FATE QUOTES V

quotations about fate

Fate's always tricky. She likes to wait till she gets you by the back of the neck, so you can't do a thing, and then passes you all that's coming to you.

RIDGWELL COLLUM

The Law-Breakers


Notions of chance and fate are the preoccupations of men engaged in rash undertakings.

CORMAC MCCARTHY

Blood Meridian


Spin thy plain thread--'tis wanted soon or late;
No friend will seek thee out so sure as Fate.

CLARA MARCELLE FARRAR GREENE

"Thy Fate Is Seeking Thee"


When you think to take determination of your fate into your own hands, that is the moment you can be crushed. Be cautious.

FRANK HERBERT

Chapterhouse: Dune


Perhaps fate isn't blind after all. Perhaps it's capable of fantasy, even compassion.

ELIE WIESEL

The Time of the Uprooted


If anyone does not help himself, fate never can help him.

HUANZHANG CHEN

The Economic Principles of Confucius


Nothing is quite as splendidly uplifting to the heart as the defeat of a human being who battles against the invincible superiority of fate. This is always the most grandiose of all tragedies, one sometimes created by a dramatist but created thousands of times by life.

STEFAN ZWEIG

Stellar Moments in Human History


Our fate is something which exists outside ourselves, and which once revealed expresses the meaning of our lives. Apart, however, from soothsayers who claim to have a means of foretelling exactly what will befall us, this kind of fate is only normally revealed after a life has ended. Only then can the meaning of that life be understood.

ANDREW GAMBLE

Politics and Fate


Heav'n from all creatures hides the book of fate,
All but the page prescribed, their present state:
From brutes what men, from men what spirits know:
Or who could suffer being here below?

ALEXANDER POPE

An Essay on Man


Fate loves the fearless.

JAMES RUSSELL LOWELL

"The Voyage to Vinland"


Fate remains a confrontation with that which cannot be explained in any other way.
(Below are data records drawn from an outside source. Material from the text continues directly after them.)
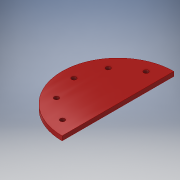
# Autodesk Inventor part: SupportPlateForWaterHalf
Saved by Autodesk Inventor 2019 (Build 230136000, 136)
## iProperties
Created: 2017-11-20
Part Number: SupportPlateForWaterHalf
Material: PET Plastic
Document SubType Name: Modeling
Designer: steele
Density: 1.541 g/cm^3
Appearance: Red
Author: steele
Autodesk Inventor part; units mm, degrees
ref_plane "YZ Plane" through (0, 0, 0) normal (1, 0, 0) x (0, 1, 0)
ref_plane "XZ Plane" through (0, 0, 0) normal (0, 1, 0) x (-1, 0, 0)
ref_plane "XY Plane" through (0, 0, 0) normal (0, 0, 1) x (1, 0, 0)
sketch "Sketch1" plane through (0, 0, 0) normal (0, 1, 0) x (-1, 0, 0)
  circle A0 centre (0, 0) radius 80.645
  dimension "d4" = 161.29
  constraints: 1 centre point, 1 coincident
  measures "d4" diameter of A0
extrude "Extrusion1" add sketch "Sketch1" against normal blind 6.35
sketch "Sketch2" plane through (0, 0, 0) normal (0, 1, 0) x (1, 0, 0)
  arc A0 (0, -80.645) -> (0, 80.645) centre (0, 0) ccw
  circle A1 centre (0, 0) radius 80.645 projected
  line L0 (0, 80.645) -> (0, -80.645)
  constraints: 4 point on circle, 2 end point, 1 centre point, 1 coincident, 1 vertical
extrude "Extrusion2" cut sketch "Sketch2" against normal through all contours L0 A0
sketch "Sketch5" plane through (0, 0, 0) normal (0, 1, 0) x (1, 0, 0)
  circle A0 centre (0, 0) radius 63.5 construction
  circle A1 centre (-63.5, 0) radius 3.3782
  circle A2 centre (-51.3726, -37.3244) radius 3.3782
  circle A3 centre (-19.6226, -60.3921) radius 3.3782
  circle A4 centre (19.6226, -60.3921) radius 3.3782
  circle A5 centre (51.3726, -37.3244) radius 3.3782
  circle A6 centre (63.5, 0) radius 3.3782
  circle A7 centre (51.3726, 37.3244) radius 3.3782
  circle A8 centre (19.6226, 60.3921) radius 3.3782
  circle A9 centre (-19.6226, 60.3921) radius 3.3782
  circle A10 centre (-51.3726, 37.3244) radius 3.3782
  dimension "d17" = 127
  dimension "d18" = 6.7564
  dimension "d21" = 360
  constraints: 10 centre point, 1 coincident, 1 horizontal alignment, 23 other
  measures "d18" diameter of A1
extrude "Extrusion3" cut sketch "Sketch5" against normal through all contours A1 | A2 | A3 | A9 | A10
body "Solid1"
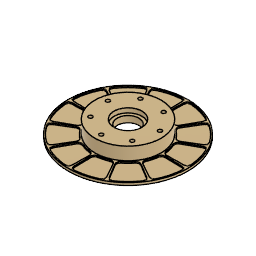
Brodie Stator Top (Autodesk Fusion 360 design; units mm, degrees)
Autodesk Fusion 360 part; units mm, degrees
sketch "Sketch1" plane through (0, 0, 0) normal (0, 0, 1) x (1, 0, 0)
  circle A0 centre (0, 0) radius 26
  circle A1 centre (0, 0) radius 47
  dimension "d1" = 52
  dimension "d2" = 94
  constraint coincident A0.centre A1.centre
  measures "d1" diameter of A0
  measures "d2" diameter of A1
extrude "Extrude1" add sketch "Sketch1" along normal blind 2 contours A0 | A1
sketch "Sketch2" plane through (0, 0, 2) normal (0, 0, 1) x (-1, 0, 0)
  circle A0 centre (0, 0) radius 47
  circle A1 centre (0, 0) radius 26
  constraint coincident A0.centre A1.centre
extrude "Extrude2" add sketch "Sketch2" along normal blind 10 contours A1
sketch "Sketch3" plane through (0, 0, 0) normal (0, 0, -1) x (1, 0, 0)
  circle A0 centre (0, 0) radius 47
  circle A1 centre (0, 0) radius 24
  constraint concentric A0 A1
extrude "Extrude3" cut sketch "Sketch3" against normal blind 3.5 contours A1
sketch "Sketch4" plane through (0, 0, 3.5) normal (0, 0, -1) x (1, 0, 0)
  circle A0 centre (0, 0) radius 24
  circle A1 centre (0, 0) radius 8.5
  dimension "d9" = 17
  constraint concentric A0 A1
  measures "d9" diameter of A1
extrude "Extrude4" cut sketch "Sketch4" against normal blind 31 contours A1
sketch "Sketch5" plane through (0, 0, 12) normal (0, 0, 1) x (-1, 0, 0)
  circle A0 centre (0, 0) radius 8.5
  circle A1 centre (0, 0) radius 26
  circle A2 centre (0, 0) radius 11
  constraint coincident A0.centre A1.centre
extrude "Extrude5" cut sketch "Sketch5" against normal blind 3.5 contours A2
sketch "Sketch6" plane through (0, 0, 3.5) normal (0, 0, -1) x (1, 0, 0)
  circle A0 centre (0, 0) radius 8.5
  circle A1 centre (0, 0) radius 24
  circle A2 centre (0, 0) radius 18
  constraint coincident A0.centre A1.centre
extrude "Extrude6" add sketch "Sketch6" along normal blind 1.5 contours A1
sketch "Sketch7" plane through (0, 0, 2) normal (0, 0, -1) x (1, 0, 0)
  circle A0 centre (0, 0) radius 18
  circle A1 centre (0, 0) radius 24
  circle A2 centre (0, 21) radius 1.5
  circle A3 centre (-16.4185, 13.0933) radius 1.5
  circle A4 centre (-20.4735, -4.6729) radius 1.5
  circle A5 centre (-9.1116, -18.9203) radius 1.5
  circle A6 centre (9.1116, -18.9203) radius 1.5
  circle A7 centre (20.4735, -4.6729) radius 1.5
  circle A8 centre (16.4185, 13.0933) radius 1.5
  dimension "d16" = 3
  dimension "d18" = 360
  measures "d16" diameter of A2
extrude "Extrude7" cut sketch "Sketch7" against normal blind 10 contours A2 | A3 | A4 | A5 | A6 | A7 | A8
sketch "Sketch8" plane through (0, 0, 2) normal (0, 0, 1) x (-1, 0, 0)
  circle A0 centre (0, 0) radius 26
  circle A1 centre (0, 0) radius 47
  line L0 (-0.5209, -29.8451) -> (-0.7486, -42.8887)
  line L1 (-14.4714, -26.1071) -> (-20.796, -37.517)
  arc A2 (-19.44, -41.6904) -> (-4.0097, -45.8249) centre (0, 0) ccw
  arc A3 (-10.6628, -24.8053) -> (-3.1684, -26.8134) centre (0, 0) ccw
  arc A4 (-4.0097, -45.8249) -> (-0.7486, -42.8887) centre (-3.7482, -42.8363) ccw
  arc A5 (-20.796, -37.517) -> (-19.44, -41.6904) centre (-18.1722, -38.9714) ccw
  arc A6 (-0.5209, -29.8451) -> (-3.1684, -26.8134) centre (-3.5205, -29.7927) ccw
  arc A7 (-10.6628, -24.8053) -> (-14.4714, -26.1071) centre (-11.8475, -27.5615) ccw
  arc A8 (-21.1397, -39.4118) -> (-20.8317, -40.3595) centre (-21.0253, -39.8985) ccw
  arc A9 (-2.139, -45.3682) -> (-1.3984, -44.7014) centre (-1.7408, -45.0658) ccw
  arc A10 (4.0097, -45.8249) -> (19.44, -41.6904) centre (0, 0) ccw
  arc A11 (0.7486, -42.8887) -> (4.0097, -45.8249) centre (3.7482, -42.8363) ccw
  arc A12 (1.3984, -44.7014) -> (2.139, -45.3682) centre (1.7408, -45.0658) ccw
  line L2 (0.5209, -29.8451) -> (0.7486, -42.8887)
  arc A13 (3.1684, -26.8134) -> (0.5209, -29.8451) centre (3.5205, -29.7927) ccw
  arc A14 (3.1684, -26.8134) -> (10.6628, -24.8053) centre (0, 0) ccw
  arc A15 (14.4714, -26.1071) -> (10.6628, -24.8053) centre (11.8475, -27.5615) ccw
  line L3 (14.4714, -26.1071) -> (20.796, -37.517)
  arc A16 (19.44, -41.6904) -> (20.796, -37.517) centre (18.1722, -38.9714) ccw
  arc A17 (20.8317, -40.3595) -> (21.1397, -39.4118) centre (21.0253, -39.8985) ccw
  arc A18 (26.3849, -37.6807) -> (37.6807, -26.3849) centre (0, 0) ccw
  arc A19 (22.0927, -36.7684) -> (26.3849, -37.6807) centre (24.6642, -35.2233) ccw
  arc A20 (23.5617, -38.0134) -> (24.5365, -38.2205) centre (24.0405, -38.1577) ccw
  line L4 (15.3737, -25.5861) -> (22.0927, -36.7684)
  arc A21 (16.1507, -21.6369) -> (15.3737, -25.5861) centre (17.9452, -24.041) ccw
  arc A22 (16.1507, -21.6369) -> (21.6369, -16.1507) centre (0, 0) ccw
  arc A23 (25.5861, -15.3737) -> (21.6369, -16.1507) centre (24.041, -17.9452) ccw
  line L5 (25.5861, -15.3737) -> (36.7684, -22.0927)
  arc A24 (37.6807, -26.3849) -> (36.7684, -22.0927) centre (35.2233, -24.6642) ccw
  arc A25 (38.2205, -24.5365) -> (38.0134, -23.5617) centre (38.1577, -24.0405) ccw
  arc A26 (41.6904, -19.44) -> (45.8249, -4.0097) centre (0, 0) ccw
  arc A27 (37.517, -20.796) -> (41.6904, -19.44) centre (38.9714, -18.1722) ccw
  arc A28 (39.4118, -21.1397) -> (40.3595, -20.8317) centre (39.8985, -21.0253) ccw
  line L6 (26.1071, -14.4714) -> (37.517, -20.796)
  arc A29 (24.8053, -10.6628) -> (26.1071, -14.4714) centre (27.5615, -11.8475) ccw
  arc A30 (24.8053, -10.6628) -> (26.8134, -3.1684) centre (0, 0) ccw
  arc A31 (29.8451, -0.5209) -> (26.8134, -3.1684) centre (29.7927, -3.5205) ccw
  line L7 (29.8451, -0.5209) -> (42.8887, -0.7486)
  arc A32 (45.8249, -4.0097) -> (42.8887, -0.7486) centre (42.8363, -3.7482) ccw
  arc A33 (45.3682, -2.139) -> (44.7014, -1.3984) centre (45.0658, -1.7408) ccw
  arc A34 (45.8249, 4.0097) -> (41.6904, 19.44) centre (0, 0) ccw
  arc A35 (42.8887, 0.7486) -> (45.8249, 4.0097) centre (42.8363, 3.7482) ccw
  arc A36 (44.7014, 1.3984) -> (45.3682, 2.139) centre (45.0658, 1.7408) ccw
  line L8 (29.8451, 0.5209) -> (42.8887, 0.7486)
  arc A37 (26.8134, 3.1684) -> (29.8451, 0.5209) centre (29.7927, 3.5205) ccw
  arc A38 (26.8134, 3.1684) -> (24.8053, 10.6628) centre (0, 0) ccw
  arc A39 (26.1071, 14.4714) -> (24.8053, 10.6628) centre (27.5615, 11.8475) ccw
  line L9 (26.1071, 14.4714) -> (37.517, 20.796)
  arc A40 (41.6904, 19.44) -> (37.517, 20.796) centre (38.9714, 18.1722) ccw
  arc A41 (40.3595, 20.8317) -> (39.4118, 21.1397) centre (39.8985, 21.0253) ccw
  arc A42 (37.6807, 26.3849) -> (26.3849, 37.6807) centre (0, 0) ccw
  arc A43 (36.7684, 22.0927) -> (37.6807, 26.3849) centre (35.2233, 24.6642) ccw
  arc A44 (38.0134, 23.5617) -> (38.2205, 24.5365) centre (38.1577, 24.0405) ccw
  line L10 (25.5861, 15.3737) -> (36.7684, 22.0927)
  arc A45 (21.6369, 16.1507) -> (25.5861, 15.3737) centre (24.041, 17.9452) ccw
  arc A46 (21.6369, 16.1507) -> (16.1507, 21.6369) centre (0, 0) ccw
  arc A47 (15.3737, 25.5861) -> (16.1507, 21.6369) centre (17.9452, 24.041) ccw
  line L11 (15.3737, 25.5861) -> (22.0927, 36.7684)
  arc A48 (26.3849, 37.6807) -> (22.0927, 36.7684) centre (24.6642, 35.2233) ccw
  arc A49 (24.5365, 38.2205) -> (23.5617, 38.0134) centre (24.0405, 38.1577) ccw
  arc A50 (19.44, 41.6904) -> (4.0097, 45.8249) centre (0, 0) ccw
  arc A51 (20.796, 37.517) -> (19.44, 41.6904) centre (18.1722, 38.9714) ccw
  arc A52 (21.1397, 39.4118) -> (20.8317, 40.3595) centre (21.0253, 39.8985) ccw
  line L12 (14.4714, 26.1071) -> (20.796, 37.517)
  arc A53 (10.6628, 24.8053) -> (14.4714, 26.1071) centre (11.8475, 27.5615) ccw
  arc A54 (10.6628, 24.8053) -> (3.1684, 26.8134) centre (0, 0) ccw
  arc A55 (0.5209, 29.8451) -> (3.1684, 26.8134) centre (3.5205, 29.7927) ccw
  line L13 (0.5209, 29.8451) -> (0.7486, 42.8887)
  arc A56 (4.0097, 45.8249) -> (0.7486, 42.8887) centre (3.7482, 42.8363) ccw
  arc A57 (2.139, 45.3682) -> (1.3984, 44.7014) centre (1.7408, 45.0658) ccw
  arc A58 (-4.0097, 45.8249) -> (-19.44, 41.6904) centre (0, 0) ccw
  arc A59 (-0.7486, 42.8887) -> (-4.0097, 45.8249) centre (-3.7482, 42.8363) ccw
  arc A60 (-1.3984, 44.7014) -> (-2.139, 45.3682) centre (-1.7408, 45.0658) ccw
  line L14 (-0.5209, 29.8451) -> (-0.7486, 42.8887)
  arc A61 (-3.1684, 26.8134) -> (-0.5209, 29.8451) centre (-3.5205, 29.7927) ccw
  arc A62 (-3.1684, 26.8134) -> (-10.6628, 24.8053) centre (0, 0) ccw
  arc A63 (-14.4714, 26.1071) -> (-10.6628, 24.8053) centre (-11.8475, 27.5615) ccw
  line L15 (-14.4714, 26.1071) -> (-20.796, 37.517)
  arc A64 (-19.44, 41.6904) -> (-20.796, 37.517) centre (-18.1722, 38.9714) ccw
  arc A65 (-20.8317, 40.3595) -> (-21.1397, 39.4118) centre (-21.0253, 39.8985) ccw
  arc A66 (-26.3849, 37.6807) -> (-37.6807, 26.3849) centre (0, 0) ccw
  arc A67 (-22.0927, 36.7684) -> (-26.3849, 37.6807) centre (-24.6642, 35.2233) ccw
  arc A68 (-23.5617, 38.0134) -> (-24.5365, 38.2205) centre (-24.0405, 38.1577) ccw
  line L16 (-15.3737, 25.5861) -> (-22.0927, 36.7684)
  arc A69 (-16.1507, 21.6369) -> (-15.3737, 25.5861) centre (-17.9452, 24.041) ccw
  arc A70 (-16.1507, 21.6369) -> (-21.6369, 16.1507) centre (0, 0) ccw
  arc A71 (-25.5861, 15.3737) -> (-21.6369, 16.1507) centre (-24.041, 17.9452) ccw
  line L17 (-25.5861, 15.3737) -> (-36.7684, 22.0927)
  arc A72 (-37.6807, 26.3849) -> (-36.7684, 22.0927) centre (-35.2233, 24.6642) ccw
  arc A73 (-38.2205, 24.5365) -> (-38.0134, 23.5617) centre (-38.1577, 24.0405) ccw
  arc A74 (-41.6904, 19.44) -> (-45.8249, 4.0097) centre (0, 0) ccw
  arc A75 (-37.517, 20.796) -> (-41.6904, 19.44) centre (-38.9714, 18.1722) ccw
  arc A76 (-39.4118, 21.1397) -> (-40.3595, 20.8317) centre (-39.8985, 21.0253) ccw
  line L18 (-26.1071, 14.4714) -> (-37.517, 20.796)
  arc A77 (-24.8053, 10.6628) -> (-26.1071, 14.4714) centre (-27.5615, 11.8475) ccw
  arc A78 (-24.8053, 10.6628) -> (-26.8134, 3.1684) centre (0, 0) ccw
  arc A79 (-29.8451, 0.5209) -> (-26.8134, 3.1684) centre (-29.7927, 3.5205) ccw
  line L19 (-29.8451, 0.5209) -> (-42.8887, 0.7486)
  arc A80 (-45.8249, 4.0097) -> (-42.8887, 0.7486) centre (-42.8363, 3.7482) ccw
  arc A81 (-45.3682, 2.139) -> (-44.7014, 1.3984) centre (-45.0658, 1.7408) ccw
  arc A82 (-45.8249, -4.0097) -> (-41.6904, -19.44) centre (0, 0) ccw
  arc A83 (-42.8887, -0.7486) -> (-45.8249, -4.0097) centre (-42.8363, -3.7482) ccw
  arc A84 (-44.7014, -1.3984) -> (-45.3682, -2.139) centre (-45.0658, -1.7408) ccw
  line L20 (-29.8451, -0.5209) -> (-42.8887, -0.7486)
  arc A85 (-26.8134, -3.1684) -> (-29.8451, -0.5209) centre (-29.7927, -3.5205) ccw
  arc A86 (-26.8134, -3.1684) -> (-24.8053, -10.6628) centre (0, 0) ccw
  arc A87 (-26.1071, -14.4714) -> (-24.8053, -10.6628) centre (-27.5615, -11.8475) ccw
  line L21 (-26.1071, -14.4714) -> (-37.517, -20.796)
  arc A88 (-41.6904, -19.44) -> (-37.517, -20.796) centre (-38.9714, -18.1722) ccw
  arc A89 (-40.3595, -20.8317) -> (-39.4118, -21.1397) centre (-39.8985, -21.0253) ccw
  arc A90 (-37.6807, -26.3849) -> (-26.3849, -37.6807) centre (0, 0) ccw
  arc A91 (-36.7684, -22.0927) -> (-37.6807, -26.3849) centre (-35.2233, -24.6642) ccw
  arc A92 (-38.0134, -23.5617) -> (-38.2205, -24.5365) centre (-38.1577, -24.0405) ccw
  line L22 (-25.5861, -15.3737) -> (-36.7684, -22.0927)
  arc A93 (-21.6369, -16.1507) -> (-25.5861, -15.3737) centre (-24.041, -17.9452) ccw
  arc A94 (-21.6369, -16.1507) -> (-16.1507, -21.6369) centre (0, 0) ccw
  arc A95 (-15.3737, -25.5861) -> (-16.1507, -21.6369) centre (-17.9452, -24.041) ccw
  line L23 (-15.3737, -25.5861) -> (-22.0927, -36.7684)
  arc A96 (-26.3849, -37.6807) -> (-22.0927, -36.7684) centre (-24.6642, -35.2233) ccw
  arc A97 (-24.5365, -38.2205) -> (-23.5617, -38.0134) centre (-24.0405, -38.1577) ccw
  dimension "d27" = 3
  dimension "d28" = 3
  dimension "d29" = 3
  dimension "d30" = 3
  dimension "d31" = 1
  dimension "d32" = 1
  dimension "d34" = 360
  constraint concentric A0 A3
  constraint tangent L0 A4
  constraint tangent A2 A4
  constraint tangent A2 A5
  constraint tangent L1 A5
  constraint tangent L0 A6
  constraint tangent A3 A6
  constraint tangent L1 A7
  constraint tangent A3 A7
  constraint midpoint A4 A9.centre
  constraint midpoint A5 A8.centre
  constraint coincident A5 A8.end
  constraint coincident A5 A8.start
  constraint coincident A4 A9.end
  constraint coincident A4 A9.start
  measures "d27" radius of A4
  measures "d28" radius of A5
  measures "d29" radius of A6
  measures "d30" radius of A7
  measures "d31" diameter of A9
  measures "d32" diameter of A8
extrude "Extrude8" cut sketch "Sketch8" against normal blind 1 contours L0 L1 A2 A3 A4 A5 A6 A7 | A4 A9 | A5 A8 | A10 A11 L2 A13 A14 A15 L3 A16 | A11 A12 | A16 A17 | A18 A19 L4 A21 A22 A23 L5 A24 | A19 A20 | A24 A25 | A74 A75 L18 A77 A78 A79 L19 A80 | A75 A76 | A80 A81 | A82 A83 L20 A85 A86 A87 L21 A88 | A83 A84 | A88 A89 | A90 A91 L22 A93 A94 A95 L23 A96 | A91 A92 | A96 A97
extrude "Extrude9" cut sketch "Sketch8" against normal blind 1 contours A26 A27 L6 A29 A30 A31 L7 A32 | A27 A28 | A32 A33 | A34 A35 L8 A37 A38 A39 L9 A40 | A35 A36 | A40 A41 | A42 A43 L10 A45 A46 A47 L11 A48 | A43 A44 | A48 A49 | A50 A51 L12 A53 A54 A55 L13 A56 | A51 A52 | A56 A57 | A58 A59 L14 A61 A62 A63 L15 A64 | A59 A60 | A64 A65 | A66 A67 L16 A69 A70 A71 L17 A72 | A67 A68 | A72 A73

It is a part of the very meaning of fate that it is incomprehensible, but this curiously does not mean that all who accept fate are irrational. Whatever is experienced is contingent, and insofar as it is contingent it is not necessary; and not being necessary it is not a product of pure reason. But no one would say that what is contingent is irrational. It might be said to be nonrational, meaning it is not known necessarily; but the term "irrational" is usually reserved for that which directly contradicts itself, like an odd number wholly divisible by two, or a married bachelor. Fate is troubling and perhaps even nonrational, but it is certainly not irrational.

MICHAEL GELVEN

Truth and Existence


Fate, show thy force; ourselves we do not owe;
What is decreed must be; and be this so.

WILLIAM SHAKESPEARE

Twelfth Night


It may well be that a man is at times horribly threshed by misfortunes, public and private: but the reckless flail of Fate, when it beats the rich sheaves, crushes only the straw; and the corn feels nothing of it and dances merrily on the floor, careless whether its way is to the mill or the furrow.

JOHANN WOLFGANG VON GOETHE

The Maxims and Reflections of Goethe


Submit, then, to fate, always assured that whatever is, is best.

EDU HASSAN

New York Mirror


Fate in the life of a people, as in the life of an individual, signifies an existence of compulsion. A strange necessity binds the particulars into one whole. The individual, against his will, is subjected and subjugated to the national, fate-laden, reality.

JOSEPH DOV SOLOVEITCHIK

Fate and Destiny


Fate is like being dealt a hand of cards with which we must play the game of life.

JOHN A. SANFORD

What Men Are Like


How maliciously does fate always lurk in our path!

HEINRICH FRIEDRICH LUDWIG RELLSTAB

The Polish Lancer


All we can control in life is our own choices, how we choose to live and deal with what life has to offer. Everything else is fate.

MARK PURYEAR

The Nature of Asatru


If you please to plant yourself on the side of Fate, and say, Fate is all; then we say, a part of Fate is the freedom of man. Forever wells up the impulse of choosing and acting in the soul. Intellect annuls Fate.

RALPH WALDO EMERSON

The Conduct of Life


That which, to him whose will is not developed, is fate, is, to him who has a well-fashioned will, power.